**ACTIVITY:** With the pictures excluded, reproduce all of the data exactly.
(SOURCE DATA begins)
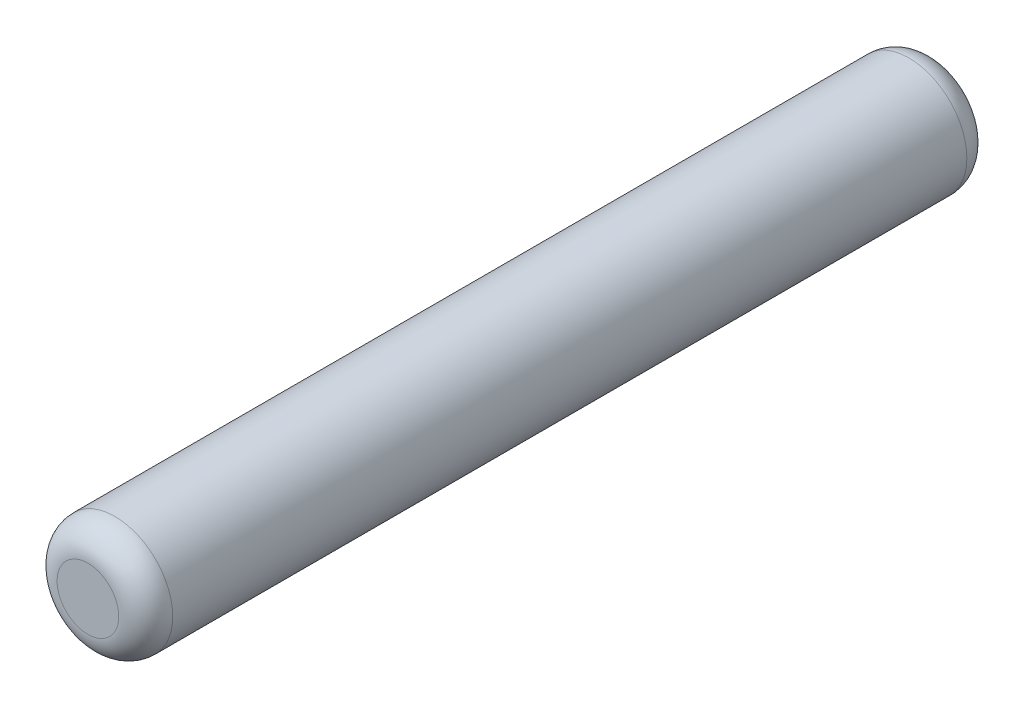
from build123d import *

# Parameters (mm, degrees)
SKETCH1_R           = 0.75
BOSS_EXTRUDE1_DEPTH = 5.5
FILLET1_R           = 0.35


with BuildPart() as part:
    # Sketch1 → Boss-Extrude1 (new body, symmetric)
    with BuildSketch(Plane.XY):
        Circle(SKETCH1_R)
    extrude(amount=BOSS_EXTRUDE1_DEPTH, both=True)

    # Fillet1
    fillet1_edges = [part.edges().sort_by_distance(p)[0] for p in [
        (-0.75, 0, -5.5),
        (-0.75, 0, 5.5),
    ]]
    fillet(fillet1_edges, radius=FILLET1_R)


solid = part.part
(SOURCE DATA ends)
**RESULT OF THIS TASK:**
from build123d import *

# Parameters (mm, degrees)
SKETCH1_R           = 0.75
BOSS_EXTRUDE1_DEPTH = 5.5
FILLET1_R           = 0.35


with BuildPart() as part:
    # Sketch1 → Boss-Extrude1 (new body, symmetric)
    with BuildSketch(Plane.XY):
        Circle(SKETCH1_R)
    extrude(amount=BOSS_EXTRUDE1_DEPTH, both=True)

    # Fillet1
    fillet1_edges = [part.edges().sort_by_distance(p)[0] for p in [
        (-0.75, 0, -5.5),
        (-0.75, 0, 5.5),
    ]]
    fillet(fillet1_edges, radius=FILLET1_R)


solid = part.part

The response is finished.